Jessica Mutheki, la cuarta de siete hermanos, dice que la causa de que ella tenga un hijo es que su familia es demasiado pobre. “Mi madre, que está sola, no podía darme dinero para artículos personales como las compresas. En los colegios privados no las reparten gratuitamente como en los públicos. Mi novio de entonces trabajaba y me daba algo de dinero para mis gastos después de las relaciones sexuales. Mi madre me advirtió siempre de que lo único que sacaría de mis citas era un hijo o una enfermedad. Estuvimos sin hablarnos durante todo mi embarazo. Ella estaba demasiado enfadada”, recuerda.
La primeriza, de 19 años, se resiste a hablar del padre de su hijo de nueve meses. “No estoy preparada para hablar de él. Me causa mucho dolor, pero no estamos juntos. Incluso se cambió de casa cuando se enteró de mi gestación. No sé dónde vive ahora”.
La educación sexual es un punto clave en el terreno de las aptitudes para la vida. A la mayoría de las niñas les dicen que no jueguen con niños porque les traerá embarazos y enfermedades. Eso es muy vago
Mutheki quiere volver a estudiar. Cuando se quedó embarazada estaba en su último año de instituto. Su sueño es hacer un curso relacionado con la moda y el diseño, pero su madre no puede permitirse hacerse cargo del bebé, del resto de hermanos, y de los estudios de su hija. “Ahora mismo no podemos pagar los 2.500 chelines kenianos (21 euros) del alquiler. El propietario nos amenaza con echarnos. A veces nos vamos a la cama sin cenar. Es muy difícil, pero sé que las cosas van a mejorar”, afirma.
Según la joven, este proyecto le ha dado voz. “Ahora puedo defenderme. Antes era demasiado tímida, y la gente se aprovechaba de ello. También ha aprendido a hacer calzado, collares y pulseras masái con cuentas y a preparar detergentes. La harina y los pañales que nos dan completa el poco dinero que gano vendiendo lo que diseño”, concluye.

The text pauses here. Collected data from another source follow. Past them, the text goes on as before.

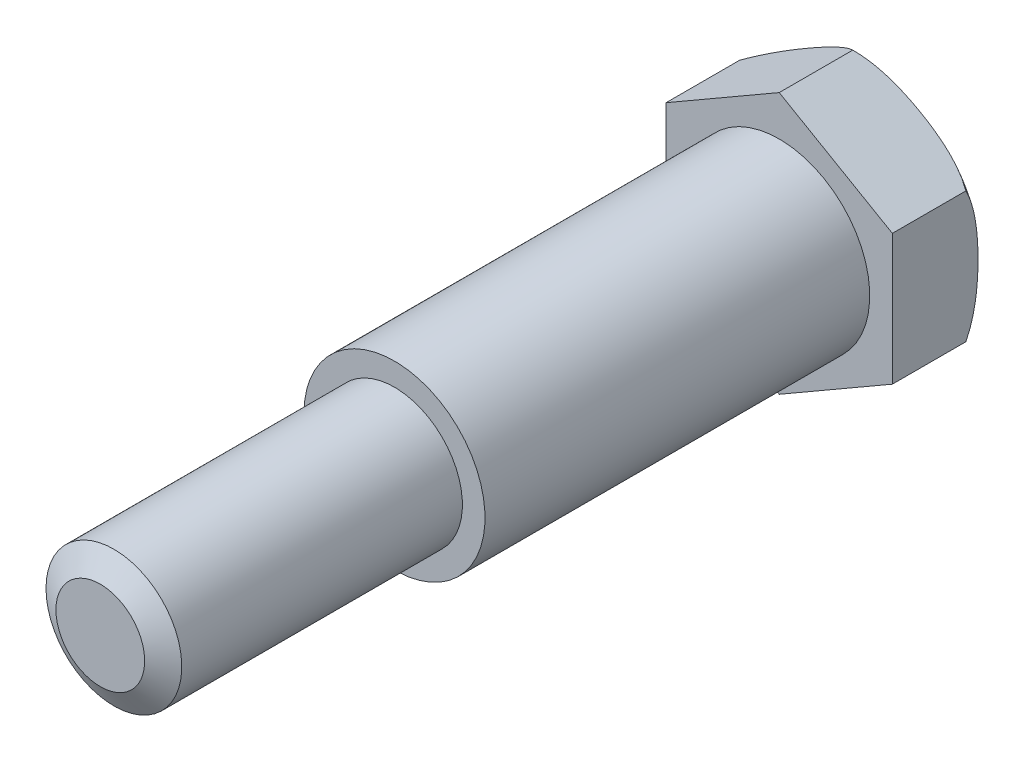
ISO-10303-21;
HEADER;
FILE_DESCRIPTION(('STEP AP214'),'2;1');
FILE_NAME('part.step','',(''),(''),'','','');
FILE_SCHEMA(('AUTOMOTIVE_DESIGN { 1 0 10303 214 1 1 1 1 }'));
ENDSEC;
DATA;
#1=APPLICATION_CONTEXT('core data for automotive mechanical design processes');
#2=APPLICATION_PROTOCOL_DEFINITION('international standard','automotive_design',2000,#1);
#3=PRODUCT_CONTEXT('',#1,'mechanical');
#4=PRODUCT('Part','Part','',(#3));
#5=PRODUCT_RELATED_PRODUCT_CATEGORY('part','',(#4));
#6=PRODUCT_DEFINITION_FORMATION('','',#4);
#7=PRODUCT_DEFINITION_CONTEXT('part definition',#1,'design');
#8=PRODUCT_DEFINITION('design','',#6,#7);
#9=PRODUCT_DEFINITION_SHAPE('','',#8);
#10=(LENGTH_UNIT() NAMED_UNIT(*) SI_UNIT(.MILLI.,.METRE.));
#11=(NAMED_UNIT(*) PLANE_ANGLE_UNIT() SI_UNIT($,.RADIAN.));
#12=(NAMED_UNIT(*) SI_UNIT($,.STERADIAN.) SOLID_ANGLE_UNIT());
#13=UNCERTAINTY_MEASURE_WITH_UNIT(LENGTH_MEASURE(1.E-05),#10,'distance_accuracy_value','');
#14=(GEOMETRIC_REPRESENTATION_CONTEXT(3) GLOBAL_UNCERTAINTY_ASSIGNED_CONTEXT((#13)) GLOBAL_UNIT_ASSIGNED_CONTEXT((#10,
#11,#12)) REPRESENTATION_CONTEXT('',''));
#15=CARTESIAN_POINT('',(0.,0.,0.));
#16=DIRECTION('',(0.,0.,1.));
#17=DIRECTION('',(1.,0.,0.));
#18=AXIS2_PLACEMENT_3D('',#15,#16,#17);
#19=CARTESIAN_POINT('',(0.,0.,21.));
#20=DIRECTION('',(0.,0.,1.));
#21=DIRECTION('',(1.,0.,0.));
#22=AXIS2_PLACEMENT_3D('',#19,#20,#21);
#23=PLANE('',#22);
#24=CARTESIAN_POINT('',(0.,0.,21.));
#25=DIRECTION('',(0.,0.,1.));
#26=DIRECTION('',(1.,0.,0.));
#27=AXIS2_PLACEMENT_3D('',#24,#25,#26);
#28=CIRCLE('',#27,4.);
#29=CARTESIAN_POINT('',(-4.,0.,21.));
#30=VERTEX_POINT('',#29);
#31=EDGE_CURVE('E223',#30,#30,#28,.T.);
#32=ORIENTED_EDGE('',*,*,#31,.T.);
#33=EDGE_LOOP('',(#32));
#34=FACE_BOUND('',#33,.T.);
#35=CARTESIAN_POINT('',(0.,0.,21.));
#36=DIRECTION('',(0.,0.,1.));
#37=DIRECTION('',(1.,0.,0.));
#38=AXIS2_PLACEMENT_3D('',#35,#36,#37);
#39=CIRCLE('',#38,3.);
#40=CARTESIAN_POINT('',(-2.99999999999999,0.,21.));
#41=VERTEX_POINT('',#40);
#42=EDGE_CURVE('E224',#41,#41,#39,.T.);
#43=ORIENTED_EDGE('',*,*,#42,.F.);
#44=EDGE_LOOP('',(#43));
#45=FACE_BOUND('',#44,.T.);
#46=ADVANCED_FACE('F24',(#34,#45),#23,.T.);
#47=CARTESIAN_POINT('',(0.,5.77350269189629,4.));
#48=DIRECTION('',(0.,0.,1.));
#49=DIRECTION('',(1.,0.,0.));
#50=AXIS2_PLACEMENT_3D('',#47,#48,#49);
#51=PLANE('',#50);
#52=DIRECTION('',(-0.866025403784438,0.5,0.));
#53=VECTOR('',#52,1.);
#54=CARTESIAN_POINT('',(4.99999999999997,2.88675134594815,4.));
#55=LINE('',#54,#53);
#56=CARTESIAN_POINT('',(4.99999999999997,2.88675134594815,4.));
#57=VERTEX_POINT('',#56);
#58=CARTESIAN_POINT('',(0.,5.77350269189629,4.));
#59=VERTEX_POINT('',#58);
#60=EDGE_CURVE('E218',#57,#59,#55,.T.);
#61=ORIENTED_EDGE('',*,*,#60,.T.);
#62=DIRECTION('',(-0.866025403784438,-0.5,0.));
#63=VECTOR('',#62,1.);
#64=CARTESIAN_POINT('',(0.,5.77350269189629,4.));
#65=LINE('',#64,#63);
#66=CARTESIAN_POINT('',(-5.00000000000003,2.88675134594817,4.));
#67=VERTEX_POINT('',#66);
#68=EDGE_CURVE('E204',#59,#67,#65,.T.);
#69=ORIENTED_EDGE('',*,*,#68,.T.);
#70=DIRECTION('',(0.,-1.,0.));
#71=VECTOR('',#70,1.);
#72=CARTESIAN_POINT('',(-5.00000000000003,2.88675134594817,4.));
#73=LINE('',#72,#71);
#74=CARTESIAN_POINT('',(-5.00000000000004,-2.8867513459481,4.));
#75=VERTEX_POINT('',#74);
#76=EDGE_CURVE('E98',#67,#75,#73,.T.);
#77=ORIENTED_EDGE('',*,*,#76,.T.);
#78=DIRECTION('',(0.866025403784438,-0.5,0.));
#79=VECTOR('',#78,1.);
#80=CARTESIAN_POINT('',(-5.00000000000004,-2.8867513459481,4.));
#81=LINE('',#80,#79);
#82=CARTESIAN_POINT('',(0.,-5.77350269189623,4.));
#83=VERTEX_POINT('',#82);
#84=EDGE_CURVE('E199',#75,#83,#81,.T.);
#85=ORIENTED_EDGE('',*,*,#84,.T.);
#86=DIRECTION('',(0.866025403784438,0.5,0.));
#87=VECTOR('',#86,1.);
#88=CARTESIAN_POINT('',(0.,-5.77350269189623,4.));
#89=LINE('',#88,#87);
#90=CARTESIAN_POINT('',(4.99999999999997,-2.88675134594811,4.));
#91=VERTEX_POINT('',#90);
#92=EDGE_CURVE('E201',#83,#91,#89,.T.);
#93=ORIENTED_EDGE('',*,*,#92,.T.);
#94=DIRECTION('',(0.,1.,0.));
#95=VECTOR('',#94,1.);
#96=CARTESIAN_POINT('',(4.99999999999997,-2.88675134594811,4.));
#97=LINE('',#96,#95);
#98=EDGE_CURVE('E48',#91,#57,#97,.T.);
#99=ORIENTED_EDGE('',*,*,#98,.T.);
#100=EDGE_LOOP('',(#61,#69,#77,#85,#93,#99));
#101=FACE_BOUND('',#100,.T.);
#102=CARTESIAN_POINT('',(0.,0.,4.));
#103=DIRECTION('',(0.,0.,1.));
#104=DIRECTION('',(1.,0.,0.));
#105=AXIS2_PLACEMENT_3D('',#102,#103,#104);
#106=CIRCLE('',#105,4.);
#107=CARTESIAN_POINT('',(-4.,0.,4.));
#108=VERTEX_POINT('',#107);
#109=EDGE_CURVE('E221',#108,#108,#106,.T.);
#110=ORIENTED_EDGE('',*,*,#109,.F.);
#111=EDGE_LOOP('',(#110));
#112=FACE_BOUND('',#111,.T.);
#113=ADVANCED_FACE('F126',(#101,#112),#51,.T.);
#114=CARTESIAN_POINT('',(4.99999999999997,2.88675134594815,4.));
#115=DIRECTION('',(-0.5,-0.866025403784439,0.));
#116=DIRECTION('',(0.866025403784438,-0.5,0.));
#117=AXIS2_PLACEMENT_3D('',#114,#115,#116);
#118=PLANE('',#117);
#119=DIRECTION('',(0.,0.,-1.));
#120=VECTOR('',#119,1.);
#121=CARTESIAN_POINT('',(4.99999999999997,2.88675134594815,4.));
#122=LINE('',#121,#120);
#123=CARTESIAN_POINT('',(4.99999999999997,2.88675134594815,0.750000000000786));
#124=VERTEX_POINT('',#123);
#125=EDGE_CURVE('E209',#57,#124,#122,.T.);
#126=ORIENTED_EDGE('',*,*,#125,.T.);
#127=CARTESIAN_POINT('',(5.00019999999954,2.88663587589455,0.750117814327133));
#128=CARTESIAN_POINT('',(4.91841205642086,2.93385616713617,0.701964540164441));
#129=CARTESIAN_POINT('',(4.83475354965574,2.98215642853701,0.658318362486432));
#130=CARTESIAN_POINT('',(4.6648047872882,3.08027639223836,0.579129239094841));
#131=CARTESIAN_POINT('',(4.57852070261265,3.13009253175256,0.543568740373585));
#132=CARTESIAN_POINT('',(4.40402751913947,3.23083621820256,0.479424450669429));
#133=CARTESIAN_POINT('',(4.31581764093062,3.28176421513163,0.450843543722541));
#134=CARTESIAN_POINT('',(4.13804944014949,3.38439873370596,0.399719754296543));
#135=CARTESIAN_POINT('',(4.04849028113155,3.43610573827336,0.377180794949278));
#136=CARTESIAN_POINT('',(3.8550726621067,3.54777545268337,0.334331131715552));
#137=CARTESIAN_POINT('',(3.75107696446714,3.60781739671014,0.314856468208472));
#138=CARTESIAN_POINT('',(3.54238396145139,3.72830635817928,0.281675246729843));
#139=CARTESIAN_POINT('',(3.43768646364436,3.78875348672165,0.267970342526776));
#140=CARTESIAN_POINT('',(3.22779422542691,3.90993482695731,0.245453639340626));
#141=CARTESIAN_POINT('',(3.12259907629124,3.97066927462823,0.236647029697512));
#142=CARTESIAN_POINT('',(2.91202017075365,4.09224706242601,0.223338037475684));
#143=CARTESIAN_POINT('',(2.80663643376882,4.15309039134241,0.218835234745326));
#144=CARTESIAN_POINT('',(2.59551554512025,4.27498109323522,0.213794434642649));
#145=CARTESIAN_POINT('',(2.4897782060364,4.33602857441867,0.213267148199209));
#146=CARTESIAN_POINT('',(2.27833668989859,4.4581043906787,0.21616576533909));
#147=CARTESIAN_POINT('',(2.17263251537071,4.51913272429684,0.219591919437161));
#148=CARTESIAN_POINT('',(1.96144359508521,4.64106270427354,0.230650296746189));
#149=CARTESIAN_POINT('',(1.85595875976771,4.70196440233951,0.238280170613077));
#150=CARTESIAN_POINT('',(1.64533731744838,4.8235667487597,0.258285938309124));
#151=CARTESIAN_POINT('',(1.54020066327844,4.88426742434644,0.270661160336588));
#152=CARTESIAN_POINT('',(1.31113210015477,5.01652022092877,0.303766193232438));
#153=CARTESIAN_POINT('',(1.18731688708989,5.08800496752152,0.325617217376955));
#154=CARTESIAN_POINT('',(0.941365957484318,5.23000480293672,0.378866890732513));
#155=CARTESIAN_POINT('',(0.819228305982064,5.30052100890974,0.410253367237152));
#156=CARTESIAN_POINT('',(0.578303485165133,5.43961901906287,0.484573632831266));
#157=CARTESIAN_POINT('',(0.459500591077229,5.50820990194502,0.52743688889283));
#158=CARTESIAN_POINT('',(0.284435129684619,5.60928399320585,0.602347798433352));
#159=CARTESIAN_POINT('',(0.226483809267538,5.64274220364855,0.629155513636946));
#160=CARTESIAN_POINT('',(0.11199152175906,5.7088443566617,0.686648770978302));
#161=CARTESIAN_POINT('',(0.0554517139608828,5.74148762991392,0.717337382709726));
#162=CARTESIAN_POINT('',(-0.000200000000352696,5.7736181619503,0.750117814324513));
#163=B_SPLINE_CURVE_WITH_KNOTS('',3,(#127,#128,#129,#130,#131,#132,#133,#134,#135,#136,#137,
#138,#139,#140,#141,#142,#143,#144,#145,#146,#147,#148,#149,#150,#151,#152,#153,#154,#155,#156,
#157,#158,#159,#160,#161,#162),.UNSPECIFIED.,.F.,.F.,(4,2,2,2,2,2,2,2,2,2,2,2,2,2,2,2,2,4),(0.,
0.317729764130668,0.634763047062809,0.951927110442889,1.2692966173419,1.63408330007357,
1.99897446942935,2.36425147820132,2.72949282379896,3.09571786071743,3.46196610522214,
3.8280098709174,4.19400183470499,4.62762059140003,5.06068811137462,5.49115289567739,
5.70730227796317,5.92362370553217),.UNSPECIFIED.);
#164=CARTESIAN_POINT('',(0.,5.77350269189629,0.750000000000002));
#165=VERTEX_POINT('',#164);
#166=EDGE_CURVE('E40',#124,#165,#163,.T.);
#167=ORIENTED_EDGE('',*,*,#166,.T.);
#168=DIRECTION('',(0.,0.,-1.));
#169=VECTOR('',#168,1.);
#170=CARTESIAN_POINT('',(0.,5.77350269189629,4.));
#171=LINE('',#170,#169);
#172=EDGE_CURVE('E95',#59,#165,#171,.T.);
#173=ORIENTED_EDGE('',*,*,#172,.F.);
#174=ORIENTED_EDGE('',*,*,#60,.F.);
#175=EDGE_LOOP('',(#126,#167,#173,#174));
#176=FACE_BOUND('',#175,.T.);
#177=ADVANCED_FACE('F26',(#176),#118,.F.);
#178=CARTESIAN_POINT('',(0.,5.77350269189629,4.));
#179=DIRECTION('',(0.5,-0.866025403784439,0.));
#180=DIRECTION('',(0.866025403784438,0.5,0.));
#181=AXIS2_PLACEMENT_3D('',#178,#179,#180);
#182=PLANE('',#181);
#183=ORIENTED_EDGE('',*,*,#172,.T.);
#184=CARTESIAN_POINT('',(0.000199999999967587,5.77361816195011,0.750117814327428));
#185=CARTESIAN_POINT('',(-0.081587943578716,5.72639787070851,0.701964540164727));
#186=CARTESIAN_POINT('',(-0.16524645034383,5.67809760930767,0.658318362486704));
#187=CARTESIAN_POINT('',(-0.335195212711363,5.57997764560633,0.579129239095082));
#188=CARTESIAN_POINT('',(-0.421479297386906,5.53016150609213,0.54356874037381));
#189=CARTESIAN_POINT('',(-0.595972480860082,5.42941781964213,0.479424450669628));
#190=CARTESIAN_POINT('',(-0.684182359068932,5.37848982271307,0.45084354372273));
#191=CARTESIAN_POINT('',(-0.861950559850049,5.27585530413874,0.399719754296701));
#192=CARTESIAN_POINT('',(-0.951509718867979,5.22414829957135,0.377180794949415));
#193=CARTESIAN_POINT('',(-1.14492733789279,5.11247858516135,0.334331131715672));
#194=CARTESIAN_POINT('',(-1.24892303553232,5.05243664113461,0.3148564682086));
#195=CARTESIAN_POINT('',(-1.457616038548,4.93194767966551,0.281675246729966));
#196=CARTESIAN_POINT('',(-1.56231353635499,4.87150055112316,0.267970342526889));
#197=CARTESIAN_POINT('',(-1.77220577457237,4.75031921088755,0.245453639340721));
#198=CARTESIAN_POINT('',(-1.877400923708,4.68958476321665,0.2366470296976));
#199=CARTESIAN_POINT('',(-2.08797982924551,4.56800697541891,0.223338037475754));
#200=CARTESIAN_POINT('',(-2.19336356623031,4.50716364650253,0.218835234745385));
#201=CARTESIAN_POINT('',(-2.40448445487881,4.38527294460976,0.213794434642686));
#202=CARTESIAN_POINT('',(-2.51022179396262,4.32422546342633,0.213267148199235));
#203=CARTESIAN_POINT('',(-2.72166331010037,4.20214964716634,0.216165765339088));
#204=CARTESIAN_POINT('',(-2.82736748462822,4.14112131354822,0.219591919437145));
#205=CARTESIAN_POINT('',(-3.03855640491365,4.01919133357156,0.230650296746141));
#206=CARTESIAN_POINT('',(-3.14404124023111,3.9582896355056,0.238280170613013));
#207=CARTESIAN_POINT('',(-3.35466268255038,3.83668728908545,0.258285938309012));
#208=CARTESIAN_POINT('',(-3.4597993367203,3.77598661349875,0.270661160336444));
#209=CARTESIAN_POINT('',(-3.68886789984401,3.64373381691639,0.303766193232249));
#210=CARTESIAN_POINT('',(-3.81268311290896,3.57224907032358,0.325617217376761));
#211=CARTESIAN_POINT('',(-4.05863404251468,3.43024923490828,0.378866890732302));
#212=CARTESIAN_POINT('',(-4.18077169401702,3.35973302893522,0.41025336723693));
#213=CARTESIAN_POINT('',(-4.42169651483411,3.22063501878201,0.484573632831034));
#214=CARTESIAN_POINT('',(-4.54049940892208,3.15204413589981,0.527436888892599));
#215=CARTESIAN_POINT('',(-4.71556487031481,3.05097004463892,0.60234779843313));
#216=CARTESIAN_POINT('',(-4.77351619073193,3.0175118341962,0.629155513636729));
#217=CARTESIAN_POINT('',(-4.88800847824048,2.951409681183,0.686648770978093));
#218=CARTESIAN_POINT('',(-4.9445482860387,2.91876640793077,0.717337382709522));
#219=CARTESIAN_POINT('',(-5.00019999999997,2.88663587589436,0.750117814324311));
#220=B_SPLINE_CURVE_WITH_KNOTS('',3,(#184,#185,#186,#187,#188,#189,#190,#191,#192,#193,#194,
#195,#196,#197,#198,#199,#200,#201,#202,#203,#204,#205,#206,#207,#208,#209,#210,#211,#212,#213,
#214,#215,#216,#217,#218,#219),.UNSPECIFIED.,.F.,.F.,(4,2,2,2,2,2,2,2,2,2,2,2,2,2,2,2,2,4),(0.,
0.31772976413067,0.634763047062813,0.95192711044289,1.2692966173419,1.63408330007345,
1.9989744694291,2.36425147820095,2.72949282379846,3.09571786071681,3.46196610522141,
3.82800987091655,4.19400183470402,4.62762059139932,5.06068811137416,5.49115289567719,
5.70730227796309,5.92362370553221),.UNSPECIFIED.);
#221=CARTESIAN_POINT('',(-5.00000000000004,2.88675134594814,0.750000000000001));
#222=VERTEX_POINT('',#221);
#223=EDGE_CURVE('E80',#165,#222,#220,.T.);
#224=ORIENTED_EDGE('',*,*,#223,.T.);
#225=DIRECTION('',(0.,0.,-1.));
#226=VECTOR('',#225,1.);
#227=CARTESIAN_POINT('',(-5.00000000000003,2.88675134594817,4.));
#228=LINE('',#227,#226);
#229=EDGE_CURVE('E92',#67,#222,#228,.T.);
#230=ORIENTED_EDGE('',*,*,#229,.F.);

Marion Atieno cursaba su último año de instituto cuando descubrió que estaba embarazada. “Mi madre, que es soltera, nunca me lo ha perdonado”, explica con una sonrisa tímida. Su hija tiene un año y seis meses, y no habla. Según un adivino al que acudió con una amiga, la pequeña no sabe hablar porque su abuela no la quiere. “Mi pastor está de acuerdo con el adivino. Los dos dicen que el ambiente en el que la estoy criando le impide crecer. Yo lo he dejado en manos de Dios. No hay nada que pueda hacer”, reconoce.
La progenitora de Marion le advertía continuamente de que no jugara con niños y le decía que se centrara en sus estudios. Por eso, durante el embarazo no paraban de pelearse. Pero nunca la echó de casa. “Ahora, el padre de mi bebé va a la universidad. Me ayuda comprándole ropa y harina para papillas cuanto tiene dinero. Pero se ha mudado. Antes era mi vecino. No sé qué planes tiene con respecto a mí, solo hablamos cuando me manda ayuda”. A Marion le gustaría volver a estudiar. Su sueño es llegar a ser chef. “Criar a mi hija me ha separado de mis compañeros. He tenido que crecer demasiado deprisa”.